George James Peirce (March 13, 1868 – October 15, 1954) was an American botanist known for his work on plant physiology. He was an active member of the Palo Alto, California community for over 50 years.

==Early life==
Peirce was born on March 13, 1868, in Manila, Philippines, to American parents George Henry and Lydia Ellen Peirce (née Eaton).

==Career==
After attending Harvard University he earned a PhD at Leipzig University. He served as assistant professor of botany at Indiana University from 1895 to 1897, then joined the faculty of Stanford University, where he spent the remainder of his career in teaching and administrative roles. He retired from Stanford in 1933, but continued his interest in his community and with Stanford.

He published three textbooks on plant physiology, was a fellow the American Academy of Arts and Sciences, and served as president of the Botanical Society of America in 1932.

Dr.
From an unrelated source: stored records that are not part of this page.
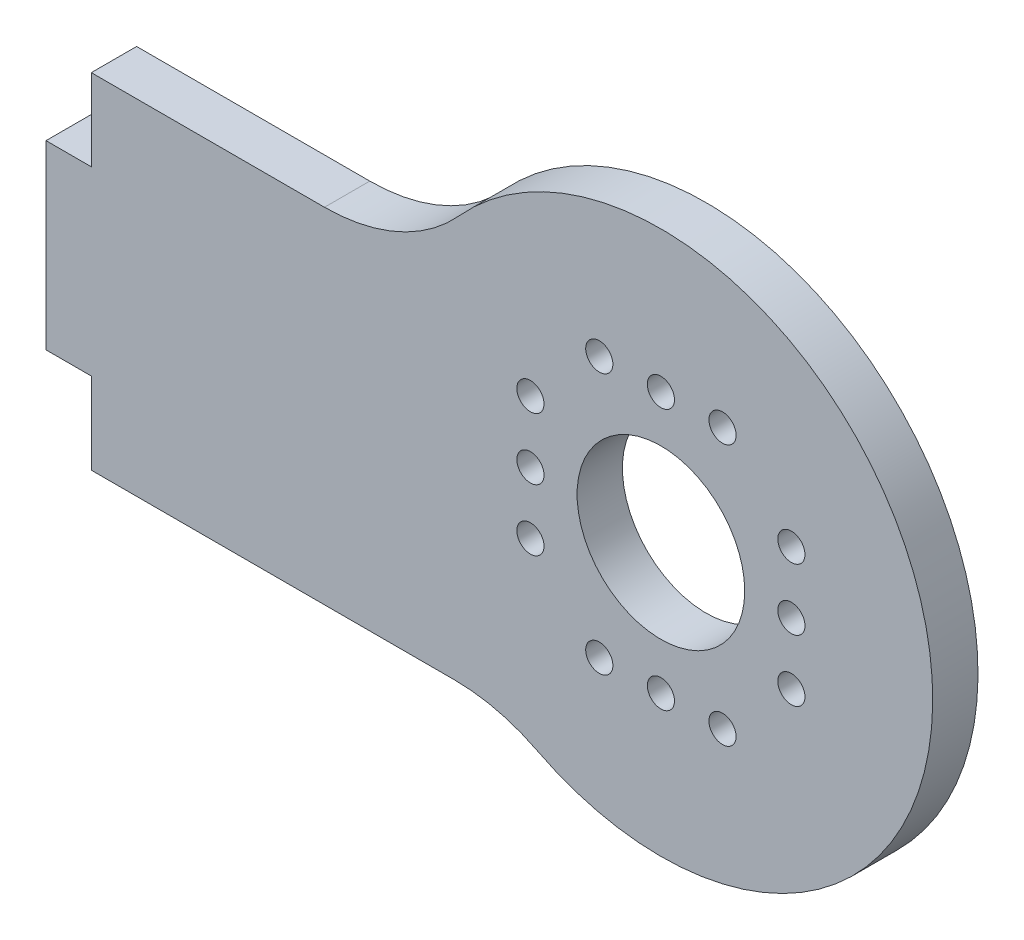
from build123d import *

# Parameters (mm, degrees)
SKETCH2_R           = 0.75
SKETCH2_R_2         = 4.625
BOSS_EXTRUDE1_DEPTH = 2.5


with BuildPart() as part:
    # Sketch2 → Boss-Extrude1 (new body)
    with BuildSketch(Plane.XY):
        with BuildLine():
            Line((-31.431783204, -7.755458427), (-31.431783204, -12.255458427))
            Line((-31.431783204, -12.255458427), (-11.388352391, -12.255458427))
            ThreePointArc((-11.388352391, -12.255458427), (-9.045473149, -12.533785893), (-6.833011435, -13.353275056))
            ThreePointArc((-6.833011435, -13.353275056), (14.752377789, 2.714286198), (-11.138371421, 10.046724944))
            ThreePointArc((-11.138371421, 10.046724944), (-14.500589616, 7.607305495), (-18.563952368, 6.744541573))
            Line((-18.563952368, 6.744541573), (-31.431783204, 6.744541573))
            Line((-31.431783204, 6.744541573), (-31.431783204, 2.244541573))
            Line((-31.431783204, 2.244541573), (-33.931783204, 2.244541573))
            Line((-33.931783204, 2.244541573), (-33.931783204, -7.755458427))
            Line((-33.931783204, -7.755458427), (-31.431783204, -7.755458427))
        make_face()
        with Locations((0, -7.2)):
            Circle(SKETCH2_R, mode=Mode.SUBTRACT)
        with Locations((-7.2, 0)):
            Circle(SKETCH2_R, mode=Mode.SUBTRACT)
        with Locations((7.2, 0)):
            Circle(SKETCH2_R, mode=Mode.SUBTRACT)
        with Locations((0, 7.2)):
            Circle(SKETCH2_R, mode=Mode.SUBTRACT)
        with Locations((3.4, -7.2)):
            Circle(SKETCH2_R, mode=Mode.SUBTRACT)
        with Locations((-3.4, -7.2)):
            Circle(SKETCH2_R, mode=Mode.SUBTRACT)
        with Locations((-7.2, -3.4)):
            Circle(SKETCH2_R, mode=Mode.SUBTRACT)
        with Locations((-7.2, 3.4)):
            Circle(SKETCH2_R, mode=Mode.SUBTRACT)
        with Locations((-3.4, 7.2)):
            Circle(SKETCH2_R, mode=Mode.SUBTRACT)
        with Locations((3.4, 7.2)):
            Circle(SKETCH2_R, mode=Mode.SUBTRACT)
        with Locations((7.2, 3.4)):
            Circle(SKETCH2_R, mode=Mode.SUBTRACT)
        with Locations((7.2, -3.4)):
            Circle(SKETCH2_R, mode=Mode.SUBTRACT)
        Circle(SKETCH2_R_2, mode=Mode.SUBTRACT)
    extrude(amount=BOSS_EXTRUDE1_DEPTH)


solid = part.part

Gilbert Morgan Smith, professor of botany at Stanford, said that "Dr. Peirce was an unusual teacher, he often held his classes out under the trees and was held in great affection by all his students."

Peirce built a home in Carmel-by-the-Sea, California ca. 1910 on Camino Real and 7th Avenue. David Starr Jordan, the first president of Stanford University, built his home on the same street in 1905.

==Death==
Peirce died on October 15, 1954, of a heart attack at his home, 281 Embarcadero Road, Palo Alto, California, at the age of 86.